Spread of infections:

  • Because the female genital tract is in direct communication with the peritoneal cavity via the abdominal ostia of the uterine tubes, infection of the vagina, uterus and tubes may result in peritonitis. Conversely inflammation of the uterine tubes, salpingitis may result from infections that spread to the peritoneal cavity.

Fluid collection in the fallopian tubes

  • Pus- pyosalpinx
  • Blood- hemosalpinx
  • Serous fluid- hydrosalpinx.

Tubal pregnancy-

the most common type of ectopic pregnancy.  The usual result is tubal rupture, hemorrhage into the abdominopelvic cavity and death of the embryo during the first 8 weeks of pregnancy.


Ovulation pain (mittelschmerz)

  • At ovulation some women experience paraumbilical pain due to stretching of the ovarian wall. As afferent impulses from the ovary reach  the  CNS at T10 the pain is referred to the T10 dermatome (of pain of appendicitis).

Ovarian cysts:

  • Are common and of varying size. They may be so large as to necessitate removal of the ovary. If both ovaries are removed. Not only is the woman for ever infertile but the source of estrogen is removed. She will definitely require hormone replacement treatment.

Prostate, Urethra and bladder

  • Because of the close relationship of the prostate to the urethra. Enlargement of the prostate  commonly obstructs the urethra by compressing it. This causes urinary retention.

Urethral rupture and urine extravasation.

  • The spongy urethra is unprotected superiorly, the wall is thin and distensible.
  • It can be torn on falling astride over objects like iron bars (straddle injuries).
  • Because it extends into the superficial perineal pouch, urine may extravasate into this space and spread around the scrotum, penis and anterior abdominal wall.

Urethral constriction


  • The external urethral orifice and Membranous  urethra are normal constrictions.
  • The external urethral orifice is the narrowest part.

Urethral curves

  • Membranous part runs inferiorly and anteriorly as it passes through  the uro genital diaphragm/
    The prostatic part is concave anteriorly as it transverses the prostate. These curves must be born in mind during urethral cathetirisation.

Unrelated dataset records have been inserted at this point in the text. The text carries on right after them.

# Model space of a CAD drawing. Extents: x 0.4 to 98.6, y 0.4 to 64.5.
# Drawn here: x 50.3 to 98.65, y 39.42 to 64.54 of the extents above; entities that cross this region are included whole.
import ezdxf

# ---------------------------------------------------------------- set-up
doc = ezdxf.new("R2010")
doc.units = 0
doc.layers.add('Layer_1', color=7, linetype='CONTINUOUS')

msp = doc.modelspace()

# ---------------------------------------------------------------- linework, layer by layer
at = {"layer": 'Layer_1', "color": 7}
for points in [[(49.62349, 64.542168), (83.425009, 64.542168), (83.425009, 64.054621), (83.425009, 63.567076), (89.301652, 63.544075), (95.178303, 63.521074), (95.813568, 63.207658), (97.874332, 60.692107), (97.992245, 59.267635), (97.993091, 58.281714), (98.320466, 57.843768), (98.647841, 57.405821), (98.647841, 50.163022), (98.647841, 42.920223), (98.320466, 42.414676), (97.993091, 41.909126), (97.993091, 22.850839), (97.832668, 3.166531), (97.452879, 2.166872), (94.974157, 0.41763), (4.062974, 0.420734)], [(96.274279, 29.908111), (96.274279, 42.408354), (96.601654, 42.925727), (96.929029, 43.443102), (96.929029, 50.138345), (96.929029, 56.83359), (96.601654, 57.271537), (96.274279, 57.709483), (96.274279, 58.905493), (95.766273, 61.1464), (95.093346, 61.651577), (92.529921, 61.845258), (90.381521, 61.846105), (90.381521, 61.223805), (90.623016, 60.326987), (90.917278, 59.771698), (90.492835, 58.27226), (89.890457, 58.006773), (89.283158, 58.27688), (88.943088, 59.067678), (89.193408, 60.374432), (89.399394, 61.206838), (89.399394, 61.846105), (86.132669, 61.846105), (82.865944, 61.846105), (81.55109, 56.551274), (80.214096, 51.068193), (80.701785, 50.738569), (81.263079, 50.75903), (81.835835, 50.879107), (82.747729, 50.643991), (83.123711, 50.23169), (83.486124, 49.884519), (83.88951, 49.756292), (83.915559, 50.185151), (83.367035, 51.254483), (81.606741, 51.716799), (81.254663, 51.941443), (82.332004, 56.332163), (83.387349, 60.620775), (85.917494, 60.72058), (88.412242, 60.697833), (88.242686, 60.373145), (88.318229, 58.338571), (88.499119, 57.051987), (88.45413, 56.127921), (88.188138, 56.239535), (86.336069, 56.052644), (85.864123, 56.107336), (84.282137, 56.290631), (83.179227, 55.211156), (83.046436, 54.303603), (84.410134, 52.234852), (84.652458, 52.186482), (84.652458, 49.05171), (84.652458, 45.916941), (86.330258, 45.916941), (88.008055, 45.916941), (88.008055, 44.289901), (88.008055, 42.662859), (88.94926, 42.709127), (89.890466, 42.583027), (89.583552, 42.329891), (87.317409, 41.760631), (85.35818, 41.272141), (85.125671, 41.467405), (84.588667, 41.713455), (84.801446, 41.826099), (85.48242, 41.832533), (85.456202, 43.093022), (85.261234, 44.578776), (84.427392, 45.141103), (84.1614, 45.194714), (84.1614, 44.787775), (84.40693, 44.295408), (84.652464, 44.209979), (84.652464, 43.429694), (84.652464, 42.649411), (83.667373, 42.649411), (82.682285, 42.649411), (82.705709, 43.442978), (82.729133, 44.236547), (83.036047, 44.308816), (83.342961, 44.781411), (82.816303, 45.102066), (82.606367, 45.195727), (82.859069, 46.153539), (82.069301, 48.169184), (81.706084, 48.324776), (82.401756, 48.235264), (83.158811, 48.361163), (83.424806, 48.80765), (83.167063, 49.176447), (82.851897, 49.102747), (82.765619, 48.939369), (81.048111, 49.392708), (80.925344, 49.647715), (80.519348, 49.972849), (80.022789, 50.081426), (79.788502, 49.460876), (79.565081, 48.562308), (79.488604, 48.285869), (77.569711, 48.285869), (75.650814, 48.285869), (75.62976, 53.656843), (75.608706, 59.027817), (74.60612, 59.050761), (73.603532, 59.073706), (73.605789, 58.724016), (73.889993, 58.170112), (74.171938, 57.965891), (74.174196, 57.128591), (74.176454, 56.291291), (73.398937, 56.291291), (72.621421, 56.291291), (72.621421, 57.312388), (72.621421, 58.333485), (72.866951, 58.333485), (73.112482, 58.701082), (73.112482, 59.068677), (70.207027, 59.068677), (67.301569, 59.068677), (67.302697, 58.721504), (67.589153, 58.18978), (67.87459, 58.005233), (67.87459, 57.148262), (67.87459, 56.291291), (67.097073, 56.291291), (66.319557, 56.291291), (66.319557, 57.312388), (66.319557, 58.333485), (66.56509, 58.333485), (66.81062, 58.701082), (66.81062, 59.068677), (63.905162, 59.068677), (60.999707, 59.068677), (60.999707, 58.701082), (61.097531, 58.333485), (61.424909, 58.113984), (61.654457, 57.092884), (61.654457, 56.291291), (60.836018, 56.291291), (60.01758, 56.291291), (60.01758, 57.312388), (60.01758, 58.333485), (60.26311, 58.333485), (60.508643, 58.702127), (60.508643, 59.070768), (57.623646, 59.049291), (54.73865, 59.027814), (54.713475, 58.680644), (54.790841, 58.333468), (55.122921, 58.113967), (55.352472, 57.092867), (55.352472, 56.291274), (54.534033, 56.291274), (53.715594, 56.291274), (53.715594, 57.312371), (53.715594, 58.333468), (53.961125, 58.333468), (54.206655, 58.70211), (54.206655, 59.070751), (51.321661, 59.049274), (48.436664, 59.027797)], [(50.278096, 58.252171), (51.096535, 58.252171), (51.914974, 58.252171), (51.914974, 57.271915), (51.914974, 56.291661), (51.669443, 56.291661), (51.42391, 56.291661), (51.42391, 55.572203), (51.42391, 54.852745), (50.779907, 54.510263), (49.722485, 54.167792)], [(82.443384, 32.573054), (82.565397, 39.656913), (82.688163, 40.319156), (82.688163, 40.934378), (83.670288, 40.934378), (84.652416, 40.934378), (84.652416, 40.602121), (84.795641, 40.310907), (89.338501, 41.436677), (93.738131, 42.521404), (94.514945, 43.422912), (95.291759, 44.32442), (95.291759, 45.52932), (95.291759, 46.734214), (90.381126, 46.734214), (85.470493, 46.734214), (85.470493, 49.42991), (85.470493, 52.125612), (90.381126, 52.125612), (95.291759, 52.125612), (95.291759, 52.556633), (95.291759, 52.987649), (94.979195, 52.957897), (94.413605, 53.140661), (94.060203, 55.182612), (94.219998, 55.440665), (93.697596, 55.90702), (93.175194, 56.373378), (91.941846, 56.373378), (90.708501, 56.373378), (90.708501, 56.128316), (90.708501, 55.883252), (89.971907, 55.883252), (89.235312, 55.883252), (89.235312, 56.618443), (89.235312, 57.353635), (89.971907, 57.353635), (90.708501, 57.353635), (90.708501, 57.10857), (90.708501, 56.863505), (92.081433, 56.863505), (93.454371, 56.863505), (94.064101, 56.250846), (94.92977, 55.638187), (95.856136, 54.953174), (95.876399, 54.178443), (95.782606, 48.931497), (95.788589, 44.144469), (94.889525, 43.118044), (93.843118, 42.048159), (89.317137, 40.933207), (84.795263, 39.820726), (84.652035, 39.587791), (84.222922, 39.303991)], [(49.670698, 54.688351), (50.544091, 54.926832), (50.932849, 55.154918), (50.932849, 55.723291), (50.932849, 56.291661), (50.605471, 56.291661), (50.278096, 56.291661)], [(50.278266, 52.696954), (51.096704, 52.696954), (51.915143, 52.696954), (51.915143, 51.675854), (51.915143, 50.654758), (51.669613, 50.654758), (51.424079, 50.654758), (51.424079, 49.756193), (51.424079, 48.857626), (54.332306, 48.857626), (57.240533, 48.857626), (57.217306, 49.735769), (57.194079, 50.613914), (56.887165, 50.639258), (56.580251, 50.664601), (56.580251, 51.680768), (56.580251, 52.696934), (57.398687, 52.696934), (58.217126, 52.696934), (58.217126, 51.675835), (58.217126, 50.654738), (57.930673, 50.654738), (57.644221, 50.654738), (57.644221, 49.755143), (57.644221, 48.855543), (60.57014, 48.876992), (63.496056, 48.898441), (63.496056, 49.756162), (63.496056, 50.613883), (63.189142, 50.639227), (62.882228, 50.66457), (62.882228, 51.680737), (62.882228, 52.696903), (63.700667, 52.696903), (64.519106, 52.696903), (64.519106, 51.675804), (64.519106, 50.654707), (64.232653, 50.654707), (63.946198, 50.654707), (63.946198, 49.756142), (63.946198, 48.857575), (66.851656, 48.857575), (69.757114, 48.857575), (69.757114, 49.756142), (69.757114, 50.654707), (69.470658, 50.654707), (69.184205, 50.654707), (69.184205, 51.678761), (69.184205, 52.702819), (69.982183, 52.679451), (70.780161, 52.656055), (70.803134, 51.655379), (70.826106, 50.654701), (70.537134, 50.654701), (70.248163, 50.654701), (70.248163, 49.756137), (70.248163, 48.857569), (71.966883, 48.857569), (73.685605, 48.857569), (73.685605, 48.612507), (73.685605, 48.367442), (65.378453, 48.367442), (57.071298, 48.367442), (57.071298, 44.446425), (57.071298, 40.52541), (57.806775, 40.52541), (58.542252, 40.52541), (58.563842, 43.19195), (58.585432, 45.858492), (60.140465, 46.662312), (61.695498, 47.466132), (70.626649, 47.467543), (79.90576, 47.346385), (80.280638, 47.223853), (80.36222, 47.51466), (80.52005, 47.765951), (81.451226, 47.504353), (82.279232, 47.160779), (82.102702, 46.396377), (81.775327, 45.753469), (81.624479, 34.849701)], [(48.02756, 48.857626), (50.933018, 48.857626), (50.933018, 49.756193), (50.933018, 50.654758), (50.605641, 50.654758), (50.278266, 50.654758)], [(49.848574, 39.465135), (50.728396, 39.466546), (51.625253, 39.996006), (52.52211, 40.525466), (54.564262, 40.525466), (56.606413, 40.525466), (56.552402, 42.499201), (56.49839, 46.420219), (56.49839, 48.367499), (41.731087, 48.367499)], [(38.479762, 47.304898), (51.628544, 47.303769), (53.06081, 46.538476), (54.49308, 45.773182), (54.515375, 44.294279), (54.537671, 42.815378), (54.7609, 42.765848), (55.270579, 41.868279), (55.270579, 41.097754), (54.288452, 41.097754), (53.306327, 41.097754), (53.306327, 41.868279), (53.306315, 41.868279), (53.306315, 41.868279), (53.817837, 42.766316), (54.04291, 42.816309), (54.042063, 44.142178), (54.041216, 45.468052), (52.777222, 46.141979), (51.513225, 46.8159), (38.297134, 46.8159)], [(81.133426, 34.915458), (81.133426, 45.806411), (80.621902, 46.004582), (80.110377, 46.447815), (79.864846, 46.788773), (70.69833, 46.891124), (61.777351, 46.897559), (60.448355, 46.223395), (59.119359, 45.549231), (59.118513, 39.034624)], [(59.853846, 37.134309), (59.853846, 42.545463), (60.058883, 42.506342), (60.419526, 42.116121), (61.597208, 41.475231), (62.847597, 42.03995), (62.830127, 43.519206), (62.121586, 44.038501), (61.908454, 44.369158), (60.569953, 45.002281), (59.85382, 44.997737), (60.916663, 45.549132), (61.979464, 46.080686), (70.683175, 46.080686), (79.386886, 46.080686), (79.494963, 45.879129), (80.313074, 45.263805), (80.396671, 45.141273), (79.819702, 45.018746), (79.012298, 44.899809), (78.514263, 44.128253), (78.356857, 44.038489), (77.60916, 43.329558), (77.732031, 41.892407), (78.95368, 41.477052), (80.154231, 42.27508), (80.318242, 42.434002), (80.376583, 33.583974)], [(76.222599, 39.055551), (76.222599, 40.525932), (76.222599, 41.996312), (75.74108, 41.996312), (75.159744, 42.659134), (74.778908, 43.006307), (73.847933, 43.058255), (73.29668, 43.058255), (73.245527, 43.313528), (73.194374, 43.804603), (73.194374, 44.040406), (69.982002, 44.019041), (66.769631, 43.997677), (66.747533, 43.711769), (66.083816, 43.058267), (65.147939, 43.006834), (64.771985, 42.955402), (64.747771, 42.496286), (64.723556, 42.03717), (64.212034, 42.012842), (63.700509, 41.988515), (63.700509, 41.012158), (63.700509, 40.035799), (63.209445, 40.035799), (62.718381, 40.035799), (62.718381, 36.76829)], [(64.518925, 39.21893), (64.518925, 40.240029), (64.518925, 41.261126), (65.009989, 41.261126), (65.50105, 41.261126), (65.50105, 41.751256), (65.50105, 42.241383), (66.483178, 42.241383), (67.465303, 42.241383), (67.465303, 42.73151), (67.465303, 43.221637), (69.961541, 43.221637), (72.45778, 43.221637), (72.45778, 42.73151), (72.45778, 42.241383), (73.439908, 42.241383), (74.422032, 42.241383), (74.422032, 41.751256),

  • Urethral strictures: This is the narrowing of the urethra, due to scar tissue. It may result from external trauma or infection.
    The urethra can be dilated by passing instruments called sounds. The procedure is called passage of sound.

The autonomic bladder:

In spinal cord injury/ diseases, the innervation of the external bladder sphincter is absent. It will contract reflexly on filling and expel the urne. The bladder is autonomous of voluntary control.


  • This is the creation of an opening in the urinary bladder. It may be done through the anterior abdominal wall to drain the bladder in urinary retention due to urethral stricture. A catheter may be introduced through the opening to drain urine.

Urinary bladder rupture.

  • Because of the high position of the distended bladder, it may be ruptured by injuries to the inferior part of the anterior abdominal wall, or by fractured bones of the pelvis. This may  result in escape of urine extra peritoneally or intra peritoneally. The majority of the tears are extra peritoneal.

  • Rupture of the superor part of the urinary bladder frequently tears the peritoneum resulting in extravasation of urine in the peritoneal cavity.

Bladder examinations:

  • A cystoscope can be introduced into the bladder through the urethra or by the suprapubic approach.
  • A dye can also be introduced  into the bladder through the urethra or by the supra pubic approach.
  • A dye can also be introduced into the bladder and the latter viewed radiographically. The picture is called a cystogram.